Socioeconomic status (ses) is a central concept in social science. It is a broad measure of one’s social standing in that it measures education, income, and occupational prestige. Researchers have devised a way to combine these measures to yield one index that serves as a general indicator of social standing.

The GSS, as we noted earlier, provides a ses measure for all respondents. The sei variable is an index measure of the respondent’s ses, and pasei is the respondent’s father’s ses rating. By using SPSS to divide the respondent’s ses index by the father’s ses index, we can create a new variable (generational ses mobility or “gensei”) that indicates the extent of social mobility that has occurred from father to respondent. If the resulting number is greater than 1.0, then the respondent has eclipsed the ses of the father.2

We can compute gensei using the main menus in SPSS. At the main menu, select the “Transform” and then “Compute Variable” option. This will result in a dialogue box like the one shown in Figure DMUA.13. In this example, we can create a new variable (“gensei”) by dividing the current “sei” variable by the “pasei” variable. The first step is to name the new variable by entering it into the “Target Variable:” the window at the upper left of the screen. Then, you can create a formula in the “Numeric Expression:” window. As Figure DMUA.13 shows, we clicked on “sei” from the list of variables and placed it in the window by clicking on the arrow button. Then, we entered a “/” mark using the keypad below the window. Last, we placed “pasei” in the window to complete the formula: sei/pasei.

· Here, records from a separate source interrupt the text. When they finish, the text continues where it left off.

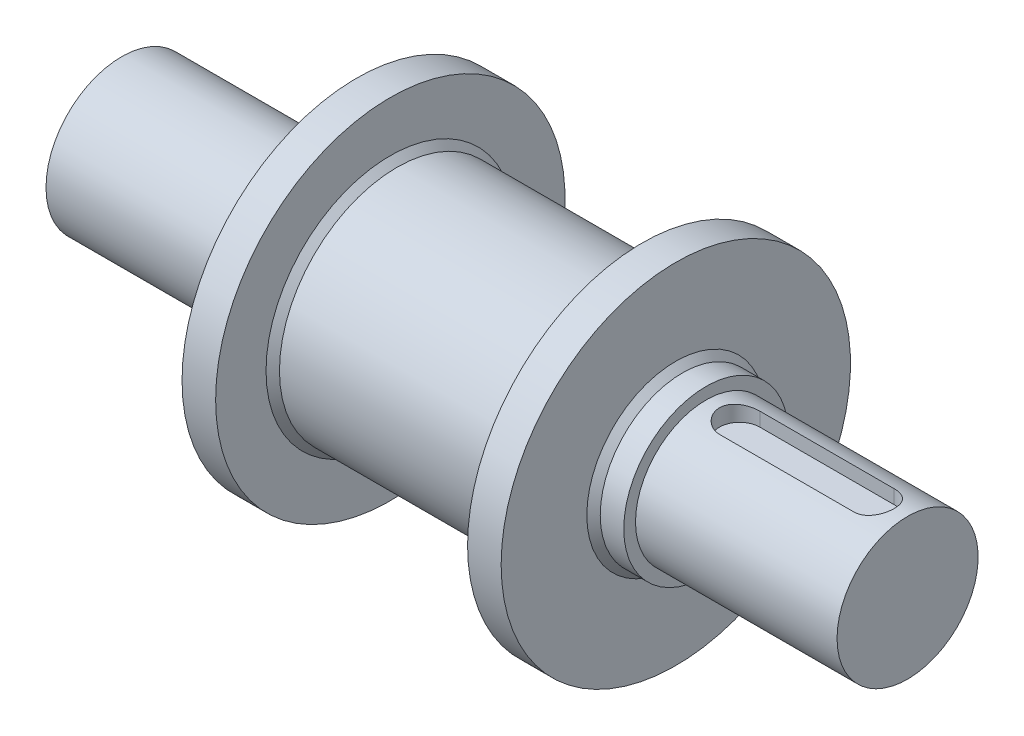
ISO-10303-21;
HEADER;
FILE_DESCRIPTION(('STEP AP214'),'2;1');
FILE_NAME('part.step','',(''),(''),'','','');
FILE_SCHEMA(('AUTOMOTIVE_DESIGN { 1 0 10303 214 1 1 1 1 }'));
ENDSEC;
DATA;
#1=APPLICATION_CONTEXT('core data for automotive mechanical design processes');
#2=APPLICATION_PROTOCOL_DEFINITION('international standard','automotive_design',2000,#1);
#3=PRODUCT_CONTEXT('',#1,'mechanical');
#4=PRODUCT('Part','Part','',(#3));
#5=PRODUCT_RELATED_PRODUCT_CATEGORY('part','',(#4));
#6=PRODUCT_DEFINITION_FORMATION('','',#4);
#7=PRODUCT_DEFINITION_CONTEXT('part definition',#1,'design');
#8=PRODUCT_DEFINITION('design','',#6,#7);
#9=PRODUCT_DEFINITION_SHAPE('','',#8);
#10=(LENGTH_UNIT() NAMED_UNIT(*) SI_UNIT(.MILLI.,.METRE.));
#11=(NAMED_UNIT(*) PLANE_ANGLE_UNIT() SI_UNIT($,.RADIAN.));
#12=(NAMED_UNIT(*) SI_UNIT($,.STERADIAN.) SOLID_ANGLE_UNIT());
#13=UNCERTAINTY_MEASURE_WITH_UNIT(LENGTH_MEASURE(1.E-05),#10,'distance_accuracy_value','');
#14=(GEOMETRIC_REPRESENTATION_CONTEXT(3) GLOBAL_UNCERTAINTY_ASSIGNED_CONTEXT((#13)) GLOBAL_UNIT_ASSIGNED_CONTEXT((#10,
#11,#12)) REPRESENTATION_CONTEXT('',''));
#15=CARTESIAN_POINT('',(0.,0.,0.));
#16=DIRECTION('',(0.,0.,1.));
#17=DIRECTION('',(1.,0.,0.));
#18=AXIS2_PLACEMENT_3D('',#15,#16,#17);
#19=CARTESIAN_POINT('',(0.,0.,0.));
#20=DIRECTION('',(-1.,0.,0.));
#21=DIRECTION('',(0.,0.,1.));
#22=AXIS2_PLACEMENT_3D('',#19,#20,#21);
#23=CYLINDRICAL_SURFACE('',#22,21.);
#24=CARTESIAN_POINT('',(174.,0.,0.));
#25=DIRECTION('',(-1.,0.,0.));
#26=DIRECTION('',(0.,0.,1.));
#27=AXIS2_PLACEMENT_3D('',#24,#25,#26);
#28=CIRCLE('',#27,21.);
#29=CARTESIAN_POINT('',(174.,0.,21.));
#30=VERTEX_POINT('',#29);
#31=EDGE_CURVE('E116',#30,#30,#28,.T.);
#32=ORIENTED_EDGE('',*,*,#31,.F.);
#33=EDGE_LOOP('',(#32));
#34=FACE_BOUND('',#33,.T.);
#35=CARTESIAN_POINT('',(234.,0.,0.));
#36=DIRECTION('',(-1.,0.,0.));
#37=DIRECTION('',(0.,0.,1.));
#38=AXIS2_PLACEMENT_3D('',#35,#36,#37);
#39=CIRCLE('',#38,21.);
#40=CARTESIAN_POINT('',(234.,0.,21.));
#41=VERTEX_POINT('',#40);
#42=EDGE_CURVE('E112',#41,#41,#39,.T.);
#43=ORIENTED_EDGE('',*,*,#42,.T.);
#44=EDGE_LOOP('',(#43));
#45=FACE_BOUND('',#44,.T.);
#46=CARTESIAN_POINT('',(224.,20.1246117974981,6.));
#47=CARTESIAN_POINT('',(224.165052331312,20.1245894844569,6.00002192169975));
#48=CARTESIAN_POINT('',(224.330096651925,20.1266415650335,5.9931904240759));
#49=CARTESIAN_POINT('',(224.658933521624,20.1347317436705,5.96598259693693));
#50=CARTESIAN_POINT('',(224.822726323157,20.1407690151806,5.94560907610498));
#51=CARTESIAN_POINT('',(225.147509956324,20.1566481622527,5.89154299099));
#52=CARTESIAN_POINT('',(225.308506490729,20.1664810208216,5.85788198887896));
#53=CARTESIAN_POINT('',(225.626960229472,20.1896457121068,5.77753958210296));
#54=CARTESIAN_POINT('',(225.78441735477,20.2029776228772,5.73085788698049));
#55=CARTESIAN_POINT('',(226.094635546118,20.2327374247249,5.62488729317033));
#56=CARTESIAN_POINT('',(226.247398940812,20.2491637507907,5.56560476546173));
#57=CARTESIAN_POINT('',(226.547368364294,20.2846467474582,5.43485915630498));
#58=CARTESIAN_POINT('',(226.694572302487,20.3037043952519,5.36339154736578));
#59=CARTESIAN_POINT('',(226.98243459612,20.3439081708857,5.20881695763319));
#60=CARTESIAN_POINT('',(227.123092954147,20.3650542979004,5.12570998143986));
#61=CARTESIAN_POINT('',(227.39705541808,20.4088630364894,4.94839867436058));
#62=CARTESIAN_POINT('',(227.530356713522,20.4315262203764,4.85419014508329));
#63=CARTESIAN_POINT('',(227.792038174735,20.4783436926205,4.65278362553809));
#64=CARTESIAN_POINT('',(227.92020679912,20.5025212494045,4.54531610125279));
#65=CARTESIAN_POINT('',(228.167146297308,20.5511665277305,4.32005021369056));
#66=CARTESIAN_POINT('',(228.285913661986,20.5756343537369,4.20224802715341));
#67=CARTESIAN_POINT('',(228.513215821272,20.6241797197623,3.95712206741071));
#68=CARTESIAN_POINT('',(228.621752630168,20.6482573358332,3.82980017742367));
#69=CARTESIAN_POINT('',(228.827939004997,20.6953839164428,3.56636964243007));
#70=CARTESIAN_POINT('',(228.925584545105,20.7184324987362,3.43025777747806));
#71=CARTESIAN_POINT('',(229.110945589449,20.7632735217347,3.14758929991082));
#72=CARTESIAN_POINT('',(229.198446889581,20.7850352899036,3.00088721837233));
#73=CARTESIAN_POINT('',(229.360771883345,20.826226420028,2.70024415256809));
#74=CARTESIAN_POINT('',(229.435591029334,20.8456549445903,2.54630059678401));
#75=CARTESIAN_POINT('',(229.571883383942,20.8816082415408,2.23235057760216));
#76=CARTESIAN_POINT('',(229.633361393562,20.898134058101,2.07234631966332));
#77=CARTESIAN_POINT('',(229.742475461033,20.9278108104084,1.74738349510969));
#78=CARTESIAN_POINT('',(229.790112095636,20.9409618867737,1.58242513524158));
#79=CARTESIAN_POINT('',(229.870065575121,20.9632114411614,1.25311298298007));
#80=CARTESIAN_POINT('',(229.902747347622,20.9724060858907,1.08885424992111));
#81=CARTESIAN_POINT('',(229.954270098755,20.9869654862023,0.758072191863195));
#82=CARTESIAN_POINT('',(229.973116248908,20.9923316727767,0.591549736734752));
#83=CARTESIAN_POINT('',(229.996814450333,20.9990869856429,0.257425560637054));
#84=CARTESIAN_POINT('',(230.001666015127,21.0004759736798,0.0898238023521121));
#85=CARTESIAN_POINT('',(229.997328274917,20.999236691677,-0.245181542828501));
#86=CARTESIAN_POINT('',(229.988139201944,20.9966084880238,-0.412585132953262));
#87=CARTESIAN_POINT('',(229.9562782772,20.9875445764644,-0.741067651658925));
#88=CARTESIAN_POINT('',(229.934007021276,20.9812220240654,-0.902188755140108));
#89=CARTESIAN_POINT('',(229.876494480959,20.9650286514685,-1.22197090652229));
#90=CARTESIAN_POINT('',(229.841249023442,20.9551566896347,-1.38063114576114));
#91=CARTESIAN_POINT('',(229.758089652863,20.9321284663263,-1.69432288207988));
#92=CARTESIAN_POINT('',(229.710177676022,20.918972706835,-1.84935492983109));
#93=CARTESIAN_POINT('',(229.602064962077,20.8897205698511,-2.15478873602949));
#94=CARTESIAN_POINT('',(229.541863855878,20.8736241040379,-2.30519035524902));
#95=CARTESIAN_POINT('',(229.408898376357,20.8387145142278,-2.60202980978099));
#96=CARTESIAN_POINT('',(229.336002252832,20.8198732783987,-2.74840530116376));
#97=CARTESIAN_POINT('',(229.178676237705,20.7801082571492,-3.0344604453685));
#98=CARTESIAN_POINT('',(229.09424991134,20.7591851160121,-3.17414215000025));
#99=CARTESIAN_POINT('',(228.914385979091,20.7157807359019,-3.44606990247428));
#100=CARTESIAN_POINT('',(228.818942919324,20.6932987274225,-3.57831221881556));
#101=CARTESIAN_POINT('',(228.617740718797,20.6473712971919,-3.83444718075924));
#102=CARTESIAN_POINT('',(228.511984957411,20.6239261924859,-3.95834253922788));
#103=CARTESIAN_POINT('',(228.28687436197,20.5758300072593,-4.20132091996746));
#104=CARTESIAN_POINT('',(228.16717064798,20.551165615785,-4.32007832115666));
#105=CARTESIAN_POINT('',(227.918208426458,20.5021333353903,-4.54708837545202));
#106=CARTESIAN_POINT('',(227.788953240124,20.4777653468064,-4.65534464996528));
#107=CARTESIAN_POINT('',(227.52158790413,20.4299846752419,-4.86074636422665));
#108=CARTESIAN_POINT('',(227.383471887605,20.4065726423519,-4.95788432140759));
#109=CARTESIAN_POINT('',(227.099406524312,20.3614014610979,-5.14024855061122));
#110=CARTESIAN_POINT('',(226.953460255218,20.3396416713267,-5.22547945590107));
#111=CARTESIAN_POINT('',(226.65330100046,20.2982196174412,-5.38414968403492));
#112=CARTESIAN_POINT('',(226.499025684695,20.2785778839985,-5.45747656574094));
#113=CARTESIAN_POINT('',(226.184550166332,20.242230137917,-5.59078652189583));
#114=CARTESIAN_POINT('',(226.024352400501,20.2255229337991,-5.65077501464742));
#115=CARTESIAN_POINT('',(225.699294796548,20.1955798271004,-5.75687380467081));
#116=CARTESIAN_POINT('',(225.534440027613,20.1823402998656,-5.80299860073585));
#117=CARTESIAN_POINT('',(225.201205342495,20.1597438752569,-5.88101802101864));
#118=CARTESIAN_POINT('',(225.032827097457,20.1503851792111,-5.91291923804017));
#119=CARTESIAN_POINT('',(224.720401863552,20.136996182678,-5.95834488604588));
#120=CARTESIAN_POINT('',(224.576682044629,20.1323602730056,-5.97396720737166));
#121=CARTESIAN_POINT('',(224.288645245918,20.1261641867038,-5.99479248698429));
#122=CARTESIAN_POINT('',(224.144329514862,20.1245993190641,-6.00001133674436));
#123=CARTESIAN_POINT('',(224.,20.1246117974981,-6.));
#124=B_SPLINE_CURVE_WITH_KNOTS('',3,(#46,#47,#48,#49,#50,#51,#52,#53,#54,#55,#56,#57,#58,#59,
#60,#61,#62,#63,#64,#65,#66,#67,#68,#69,#70,#71,#72,#73,#74,#75,#76,#77,#78,#79,#80,#81,#82,#83,
#84,#85,#86,#87,#88,#89,#90,#91,#92,#93,#94,#95,#96,#97,#98,#99,#100,#101,#102,#103,#104,#105,
#106,#107,#108,#109,#110,#111,#112,#113,#114,#115,#116,#117,#118,#119,#120,#121,#122,#123),
.UNSPECIFIED.,.F.,.F.,(4,2,2,2,2,2,2,2,2,2,2,2,2,2,2,2,2,2,2,2,2,2,2,2,2,2,2,2,2,2,2,2,2,2,2,2,
2,2,4),(0.,0.494990614565442,0.98987859762957,1.48359806377502,1.97732854438847,2.4708099862205,
2.96447518729517,3.45814019326608,3.95199249653474,4.45841161341089,4.96501887414657,
5.47152618001261,5.97822009394079,6.49417839820206,7.01032132824592,7.52627820764116,
8.04221358474347,8.54478221320034,9.04716289419293,9.54956103869483,10.0519508808723,
10.5397044924402,11.027615126156,11.5154512202231,12.0033019682409,12.4965554906444,
12.9896568387743,13.4830033544228,13.9761887449054,14.4868330315598,14.997300587207,
15.5081096895234,16.0187194690592,16.5339022452487,17.0488753606756,17.5633080229981,
18.077501990939,18.5110248049339,18.9438848967365),.UNSPECIFIED.);
#125=CARTESIAN_POINT('',(224.,20.1246117974981,6.));
#126=VERTEX_POINT('',#125);
#127=CARTESIAN_POINT('',(224.,20.1246117974981,-6.));
#128=VERTEX_POINT('',#127);
#129=EDGE_CURVE('E11',#126,#128,#124,.T.);
#130=ORIENTED_EDGE('',*,*,#129,.F.);
#131=DIRECTION('',(-1.,0.,0.));
#132=VECTOR('',#131,1.);
#133=CARTESIAN_POINT('',(0.,20.1246117974981,6.00000000000002));
#134=LINE('',#133,#132);
#135=CARTESIAN_POINT('',(184.,20.1246117974981,6.));
#136=VERTEX_POINT('',#135);
#137=EDGE_CURVE('E51',#126,#136,#134,.T.);
#138=ORIENTED_EDGE('',*,*,#137,.T.);
#139=CARTESIAN_POINT('',(184.,20.1246117974981,6.));
#140=CARTESIAN_POINT('',(183.834947668688,20.1245894844569,6.00002192169975));
#141=CARTESIAN_POINT('',(183.669903348075,20.1266415650335,5.9931904240759));
#142=CARTESIAN_POINT('',(183.341066478376,20.1347317436705,5.96598259693693));
#143=CARTESIAN_POINT('',(183.177273676843,20.1407690151806,5.94560907610498));
#144=CARTESIAN_POINT('',(182.852490043676,20.1566481622527,5.89154299099));
#145=CARTESIAN_POINT('',(182.691493509271,20.1664810208216,5.85788198887896));
#146=CARTESIAN_POINT('',(182.373039770528,20.1896457121068,5.77753958210296));
#147=CARTESIAN_POINT('',(182.21558264523,20.2029776228772,5.73085788698049));
#148=CARTESIAN_POINT('',(181.905364453882,20.2327374247249,5.62488729317033));
#149=CARTESIAN_POINT('',(181.752601059188,20.2491637507907,5.56560476546173));
#150=CARTESIAN_POINT('',(181.452631635706,20.2846467474582,5.43485915630498));
#151=CARTESIAN_POINT('',(181.305427697513,20.3037043952519,5.36339154736578));
#152=CARTESIAN_POINT('',(181.01756540388,20.3439081708857,5.20881695763319));
#153=CARTESIAN_POINT('',(180.876907045853,20.3650542979004,5.12570998143987));
#154=CARTESIAN_POINT('',(180.60294458192,20.4088630364894,4.94839867436059));
#155=CARTESIAN_POINT('',(180.469643286478,20.4315262203764,4.85419014508329));
#156=CARTESIAN_POINT('',(180.207961825265,20.4783436926205,4.65278362553809));
#157=CARTESIAN_POINT('',(180.07979320088,20.5025212494045,4.54531610125279));
#158=CARTESIAN_POINT('',(179.832853702692,20.5511665277305,4.32005021369056));
#159=CARTESIAN_POINT('',(179.714086338014,20.5756343537369,4.20224802715341));
#160=CARTESIAN_POINT('',(179.486784178728,20.6241797197623,3.95712206741071));
#161=CARTESIAN_POINT('',(179.378247369831,20.6482573358332,3.82980017742366));
#162=CARTESIAN_POINT('',(179.172060995003,20.6953839164428,3.56636964243007));
#163=CARTESIAN_POINT('',(179.074415454895,20.7184324987362,3.43025777747806));
#164=CARTESIAN_POINT('',(178.889054410551,20.7632735217347,3.14758929991082));
#165=CARTESIAN_POINT('',(178.801553110419,20.7850352899036,3.00088721837233));
#166=CARTESIAN_POINT('',(178.639228116655,20.826226420028,2.70024415256809));
#167=CARTESIAN_POINT('',(178.564408970666,20.8456549445903,2.54630059678401));
#168=CARTESIAN_POINT('',(178.428116616058,20.8816082415408,2.23235057760216));
#169=CARTESIAN_POINT('',(178.366638606438,20.898134058101,2.07234631966332));
#170=CARTESIAN_POINT('',(178.257524538966,20.9278108104084,1.74738349510969));
#171=CARTESIAN_POINT('',(178.209887904364,20.9409618867737,1.58242513524158));
#172=CARTESIAN_POINT('',(178.129934424879,20.9632114411614,1.25311298298007));
#173=CARTESIAN_POINT('',(178.097252652378,20.9724060858907,1.08885424992111));
#174=CARTESIAN_POINT('',(178.045729901245,20.9869654862023,0.758072191863195));
#175=CARTESIAN_POINT('',(178.026883751092,20.9923316727767,0.591549736734752));
#176=CARTESIAN_POINT('',(178.003185549667,20.9990869856429,0.257425560637054));
#177=CARTESIAN_POINT('',(177.998333984873,21.0004759736798,0.0898238023521121));
#178=CARTESIAN_POINT('',(178.002671725083,20.999236691677,-0.245181542828501));
#179=CARTESIAN_POINT('',(178.011860798056,20.9966084880238,-0.412585132953262));
#180=CARTESIAN_POINT('',(178.0437217228,20.9875445764644,-0.741067651658926));
#181=CARTESIAN_POINT('',(178.065992978724,20.9812220240654,-0.90218875514011));
#182=CARTESIAN_POINT('',(178.123505519041,20.9650286514685,-1.2219709065223));
#183=CARTESIAN_POINT('',(178.158750976558,20.9551566896347,-1.38063114576115));
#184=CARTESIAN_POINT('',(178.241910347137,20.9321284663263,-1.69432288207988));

Figure DMUA.13. SPSS screen showing the “Compute” function.

web_c21f013

As you can see from the screen in Figure DMUA.13, you can use the keypad in the center of the dialogue box for entering arithmetic operators, or you can simply type in the information in the “Numeric Expression:” window at the top. You will also note that there are several “Function group:” options at the right in a separate window. These are operations grouped according to type. Scrolling to the bottom allows the user to specify “statistical functions” like means, standard deviations, and so on. You can select whichever operation you need and enter it into the Numeric Expression window by clicking on the up arrow next to the Function Group window.

ANALYSIS FUNCTIONS

Over the course of our study in this book, we will have practice at conducting statistical procedures with SPSS. All of these are accessible through the opening “Analyze” drop-down menu as shown in Figure DMUA.14. The screen in Figure DMUA.14 shows the contents of the Analyze menu. We will not be able to cover all of these in this book, but you will have the opportunity to explore several of the submenu choices.

Figure DMUA.14. The SPSS Analyze menu options.

web_c21f014

DATA MANAGEMENT UNIT A: USES AND FUNCTIONS

Use and Function SPSS Menus
Read and Import data File–Open Data
Sort the database according to a variable Data–Sort Cases
Arrange output according to different categories of a variable Data–Split File–Organize output by Groups
Compute a new variable or index Transform–Compute Variable

Notes

1 Some of the material in this section is adapted from Abbott (2011) with permission of the publisher.

2 In this example, we are not considering the age, gender, or sex difference of respondent vis-à-vis the respondent’s father. The example illustrates only the process of computing a new index from existing variables.